Source data:
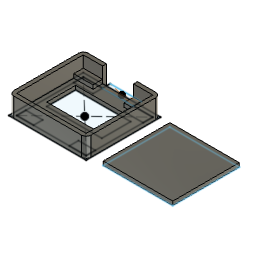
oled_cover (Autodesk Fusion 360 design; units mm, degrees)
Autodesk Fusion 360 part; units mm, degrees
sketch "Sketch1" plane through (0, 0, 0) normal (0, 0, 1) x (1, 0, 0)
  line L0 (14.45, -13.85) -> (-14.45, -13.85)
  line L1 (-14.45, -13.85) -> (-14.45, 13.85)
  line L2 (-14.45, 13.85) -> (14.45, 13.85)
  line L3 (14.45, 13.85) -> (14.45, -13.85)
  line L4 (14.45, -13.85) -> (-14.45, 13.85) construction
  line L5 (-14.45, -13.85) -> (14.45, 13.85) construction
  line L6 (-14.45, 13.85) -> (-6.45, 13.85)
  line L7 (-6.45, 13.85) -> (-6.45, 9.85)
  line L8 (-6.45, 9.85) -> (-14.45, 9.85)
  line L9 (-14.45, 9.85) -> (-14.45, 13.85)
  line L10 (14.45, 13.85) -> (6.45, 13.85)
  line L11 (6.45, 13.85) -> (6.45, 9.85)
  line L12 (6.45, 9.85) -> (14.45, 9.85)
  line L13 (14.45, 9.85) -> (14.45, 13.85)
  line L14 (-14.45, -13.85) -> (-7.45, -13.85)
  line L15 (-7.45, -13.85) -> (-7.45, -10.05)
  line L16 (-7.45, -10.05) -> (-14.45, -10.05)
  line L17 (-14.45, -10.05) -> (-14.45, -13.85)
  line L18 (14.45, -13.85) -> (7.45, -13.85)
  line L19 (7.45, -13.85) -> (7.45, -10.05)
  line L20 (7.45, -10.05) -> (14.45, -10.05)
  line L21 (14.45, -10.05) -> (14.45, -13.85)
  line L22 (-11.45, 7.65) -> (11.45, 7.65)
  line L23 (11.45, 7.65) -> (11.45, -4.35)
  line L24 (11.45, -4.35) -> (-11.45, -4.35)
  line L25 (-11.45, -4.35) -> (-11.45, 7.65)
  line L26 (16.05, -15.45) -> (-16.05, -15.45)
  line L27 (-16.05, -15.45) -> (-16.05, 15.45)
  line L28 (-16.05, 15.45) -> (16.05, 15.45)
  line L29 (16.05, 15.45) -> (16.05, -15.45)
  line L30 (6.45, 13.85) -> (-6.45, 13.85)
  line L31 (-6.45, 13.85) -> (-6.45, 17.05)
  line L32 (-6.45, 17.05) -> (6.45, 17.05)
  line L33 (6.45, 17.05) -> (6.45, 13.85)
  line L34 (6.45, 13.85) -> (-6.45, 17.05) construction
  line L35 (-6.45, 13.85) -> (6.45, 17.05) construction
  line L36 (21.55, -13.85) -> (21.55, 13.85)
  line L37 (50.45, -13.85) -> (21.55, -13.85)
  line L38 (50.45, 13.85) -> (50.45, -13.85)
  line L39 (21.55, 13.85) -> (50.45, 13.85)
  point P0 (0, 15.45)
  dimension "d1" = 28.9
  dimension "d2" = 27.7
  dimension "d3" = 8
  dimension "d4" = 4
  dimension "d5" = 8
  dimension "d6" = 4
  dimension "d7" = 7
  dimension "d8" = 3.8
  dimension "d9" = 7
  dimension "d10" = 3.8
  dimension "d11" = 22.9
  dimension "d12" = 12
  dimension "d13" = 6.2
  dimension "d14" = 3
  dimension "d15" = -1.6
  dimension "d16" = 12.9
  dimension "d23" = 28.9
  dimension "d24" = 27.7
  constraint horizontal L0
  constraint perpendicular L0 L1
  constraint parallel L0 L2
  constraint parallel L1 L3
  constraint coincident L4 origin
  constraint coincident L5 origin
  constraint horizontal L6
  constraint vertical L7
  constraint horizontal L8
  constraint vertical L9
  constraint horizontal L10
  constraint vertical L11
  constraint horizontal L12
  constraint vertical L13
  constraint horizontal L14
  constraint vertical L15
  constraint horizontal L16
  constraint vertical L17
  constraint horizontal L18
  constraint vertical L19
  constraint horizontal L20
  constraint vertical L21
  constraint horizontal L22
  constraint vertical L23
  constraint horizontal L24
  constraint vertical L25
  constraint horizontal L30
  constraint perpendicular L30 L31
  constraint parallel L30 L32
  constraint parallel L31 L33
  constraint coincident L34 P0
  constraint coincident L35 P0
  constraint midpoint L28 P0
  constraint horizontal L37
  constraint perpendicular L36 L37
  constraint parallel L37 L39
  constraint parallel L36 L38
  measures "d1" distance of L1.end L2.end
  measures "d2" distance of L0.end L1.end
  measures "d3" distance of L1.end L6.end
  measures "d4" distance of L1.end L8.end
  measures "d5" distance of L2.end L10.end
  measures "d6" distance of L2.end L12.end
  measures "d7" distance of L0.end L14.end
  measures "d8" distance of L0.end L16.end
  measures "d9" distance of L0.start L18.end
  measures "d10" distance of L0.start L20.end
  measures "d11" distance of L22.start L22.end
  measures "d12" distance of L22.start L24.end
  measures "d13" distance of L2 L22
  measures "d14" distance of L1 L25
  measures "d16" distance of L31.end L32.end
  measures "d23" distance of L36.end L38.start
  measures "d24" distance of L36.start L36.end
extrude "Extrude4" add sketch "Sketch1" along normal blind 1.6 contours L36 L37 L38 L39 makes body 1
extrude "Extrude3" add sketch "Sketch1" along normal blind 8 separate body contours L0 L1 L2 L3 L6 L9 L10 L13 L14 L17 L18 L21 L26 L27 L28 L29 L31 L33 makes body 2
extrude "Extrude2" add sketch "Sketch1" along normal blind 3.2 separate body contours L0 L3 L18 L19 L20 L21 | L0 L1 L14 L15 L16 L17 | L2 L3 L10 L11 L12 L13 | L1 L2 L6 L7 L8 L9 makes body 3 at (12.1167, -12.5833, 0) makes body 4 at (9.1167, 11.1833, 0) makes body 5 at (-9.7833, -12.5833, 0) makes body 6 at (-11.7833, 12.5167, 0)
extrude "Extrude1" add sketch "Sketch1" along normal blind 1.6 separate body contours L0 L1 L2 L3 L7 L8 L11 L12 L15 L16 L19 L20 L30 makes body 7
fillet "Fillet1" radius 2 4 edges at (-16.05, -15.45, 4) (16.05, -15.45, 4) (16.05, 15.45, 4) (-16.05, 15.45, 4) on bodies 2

_WHAT IS EXPECTED_:
The required output is the stretch of entries above from the line containing "of L0.end L14.end" through the line containing "of L22.start L24.end", reproduced exactly.

_RESPONSE BELOW_:
  measures "d7" distance of L0.end L14.end
  measures "d8" distance of L0.end L16.end
  measures "d9" distance of L0.start L18.end
  measures "d10" distance of L0.start L20.end
  measures "d11" distance of L22.start L22.end
  measures "d12" distance of L22.start L24.end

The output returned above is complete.